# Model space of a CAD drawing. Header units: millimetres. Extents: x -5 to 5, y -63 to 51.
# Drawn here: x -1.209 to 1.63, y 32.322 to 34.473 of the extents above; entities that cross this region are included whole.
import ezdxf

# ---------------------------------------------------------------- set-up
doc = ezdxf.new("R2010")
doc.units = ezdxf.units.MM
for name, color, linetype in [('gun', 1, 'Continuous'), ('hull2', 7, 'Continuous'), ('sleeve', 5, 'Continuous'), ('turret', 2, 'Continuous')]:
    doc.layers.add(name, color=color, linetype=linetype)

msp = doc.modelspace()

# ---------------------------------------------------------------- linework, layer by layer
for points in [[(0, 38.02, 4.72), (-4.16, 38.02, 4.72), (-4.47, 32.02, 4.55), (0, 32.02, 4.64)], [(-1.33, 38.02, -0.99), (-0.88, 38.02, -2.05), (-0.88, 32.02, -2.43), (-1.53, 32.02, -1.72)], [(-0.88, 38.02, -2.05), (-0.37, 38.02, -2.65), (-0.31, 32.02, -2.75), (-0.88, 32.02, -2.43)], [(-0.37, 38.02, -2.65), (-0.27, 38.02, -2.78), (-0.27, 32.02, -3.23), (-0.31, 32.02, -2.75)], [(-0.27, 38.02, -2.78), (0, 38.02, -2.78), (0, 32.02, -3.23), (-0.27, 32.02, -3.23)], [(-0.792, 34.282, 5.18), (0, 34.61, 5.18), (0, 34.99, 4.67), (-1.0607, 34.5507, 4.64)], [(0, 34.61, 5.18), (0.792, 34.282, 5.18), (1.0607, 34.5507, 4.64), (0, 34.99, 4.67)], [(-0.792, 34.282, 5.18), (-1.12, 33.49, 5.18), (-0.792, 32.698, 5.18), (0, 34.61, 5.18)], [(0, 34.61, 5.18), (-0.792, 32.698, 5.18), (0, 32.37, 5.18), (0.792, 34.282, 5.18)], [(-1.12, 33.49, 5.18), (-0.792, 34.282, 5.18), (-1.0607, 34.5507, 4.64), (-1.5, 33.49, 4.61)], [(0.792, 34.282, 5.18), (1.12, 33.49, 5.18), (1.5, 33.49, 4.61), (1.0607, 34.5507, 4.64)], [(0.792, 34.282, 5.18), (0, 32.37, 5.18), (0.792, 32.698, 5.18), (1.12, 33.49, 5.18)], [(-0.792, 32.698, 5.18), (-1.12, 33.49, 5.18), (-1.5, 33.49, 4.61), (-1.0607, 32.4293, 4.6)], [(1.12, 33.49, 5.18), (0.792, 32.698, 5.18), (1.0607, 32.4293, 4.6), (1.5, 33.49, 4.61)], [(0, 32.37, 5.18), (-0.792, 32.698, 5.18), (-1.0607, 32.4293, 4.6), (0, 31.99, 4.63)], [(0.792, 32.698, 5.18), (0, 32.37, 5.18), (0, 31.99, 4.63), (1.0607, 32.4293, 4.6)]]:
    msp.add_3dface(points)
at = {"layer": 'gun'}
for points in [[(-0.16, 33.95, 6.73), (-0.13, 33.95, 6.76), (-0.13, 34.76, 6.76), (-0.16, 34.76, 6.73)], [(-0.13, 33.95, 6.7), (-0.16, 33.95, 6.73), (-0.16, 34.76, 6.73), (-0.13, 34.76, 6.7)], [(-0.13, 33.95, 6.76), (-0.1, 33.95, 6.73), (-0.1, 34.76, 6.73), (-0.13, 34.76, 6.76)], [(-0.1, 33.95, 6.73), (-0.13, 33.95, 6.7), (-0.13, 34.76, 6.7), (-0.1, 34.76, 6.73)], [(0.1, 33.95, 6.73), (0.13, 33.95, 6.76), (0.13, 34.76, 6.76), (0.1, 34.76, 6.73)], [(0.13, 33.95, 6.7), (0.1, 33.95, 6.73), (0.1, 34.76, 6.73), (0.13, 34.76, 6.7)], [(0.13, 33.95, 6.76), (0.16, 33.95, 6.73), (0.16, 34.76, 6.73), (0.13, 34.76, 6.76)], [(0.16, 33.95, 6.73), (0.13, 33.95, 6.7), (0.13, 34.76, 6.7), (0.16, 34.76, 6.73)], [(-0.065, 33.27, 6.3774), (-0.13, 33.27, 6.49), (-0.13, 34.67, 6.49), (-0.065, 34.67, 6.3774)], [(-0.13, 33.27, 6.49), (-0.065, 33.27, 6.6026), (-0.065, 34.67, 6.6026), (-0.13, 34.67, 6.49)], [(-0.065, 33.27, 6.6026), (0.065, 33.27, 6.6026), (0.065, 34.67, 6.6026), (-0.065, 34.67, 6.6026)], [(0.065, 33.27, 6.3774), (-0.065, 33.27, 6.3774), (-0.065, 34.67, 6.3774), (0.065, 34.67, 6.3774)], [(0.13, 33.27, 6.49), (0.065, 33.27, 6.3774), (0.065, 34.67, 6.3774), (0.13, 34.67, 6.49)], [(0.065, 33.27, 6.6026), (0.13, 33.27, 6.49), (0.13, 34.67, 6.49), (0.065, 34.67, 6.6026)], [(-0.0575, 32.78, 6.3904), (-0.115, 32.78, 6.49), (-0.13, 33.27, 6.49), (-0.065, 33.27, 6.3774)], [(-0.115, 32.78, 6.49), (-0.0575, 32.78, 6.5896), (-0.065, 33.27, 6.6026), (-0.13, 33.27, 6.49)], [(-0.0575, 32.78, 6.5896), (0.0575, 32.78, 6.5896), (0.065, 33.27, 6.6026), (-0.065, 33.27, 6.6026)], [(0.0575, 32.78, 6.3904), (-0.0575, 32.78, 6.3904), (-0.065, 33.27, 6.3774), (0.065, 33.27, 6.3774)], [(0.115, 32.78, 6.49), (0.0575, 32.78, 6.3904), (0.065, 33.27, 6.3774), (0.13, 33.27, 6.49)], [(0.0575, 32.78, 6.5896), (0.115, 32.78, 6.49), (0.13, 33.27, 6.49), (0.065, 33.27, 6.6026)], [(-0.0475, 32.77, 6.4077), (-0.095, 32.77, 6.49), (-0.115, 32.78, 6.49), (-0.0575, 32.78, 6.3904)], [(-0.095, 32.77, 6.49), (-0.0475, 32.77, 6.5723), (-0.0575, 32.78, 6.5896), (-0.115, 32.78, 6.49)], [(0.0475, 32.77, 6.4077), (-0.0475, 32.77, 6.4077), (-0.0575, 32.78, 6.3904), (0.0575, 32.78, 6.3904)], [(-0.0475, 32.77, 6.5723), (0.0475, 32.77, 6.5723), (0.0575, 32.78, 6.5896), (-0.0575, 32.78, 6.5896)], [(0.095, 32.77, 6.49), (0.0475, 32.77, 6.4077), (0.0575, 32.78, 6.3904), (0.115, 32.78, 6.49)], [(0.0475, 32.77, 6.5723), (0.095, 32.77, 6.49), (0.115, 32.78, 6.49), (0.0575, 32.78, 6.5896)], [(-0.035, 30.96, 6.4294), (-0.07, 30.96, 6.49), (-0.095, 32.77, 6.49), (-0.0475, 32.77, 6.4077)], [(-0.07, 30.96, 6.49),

Directions — All lines with the word "linetype" should be copied from the material above.

Task result —
for name, color, linetype in [('gun', 1, 'Continuous'), ('hull2', 7, 'Continuous'), ('sleeve', 5, 'Continuous'), ('turret', 2, 'Continuous')]:
    doc.layers.add(name, color=color, linetype=linetype)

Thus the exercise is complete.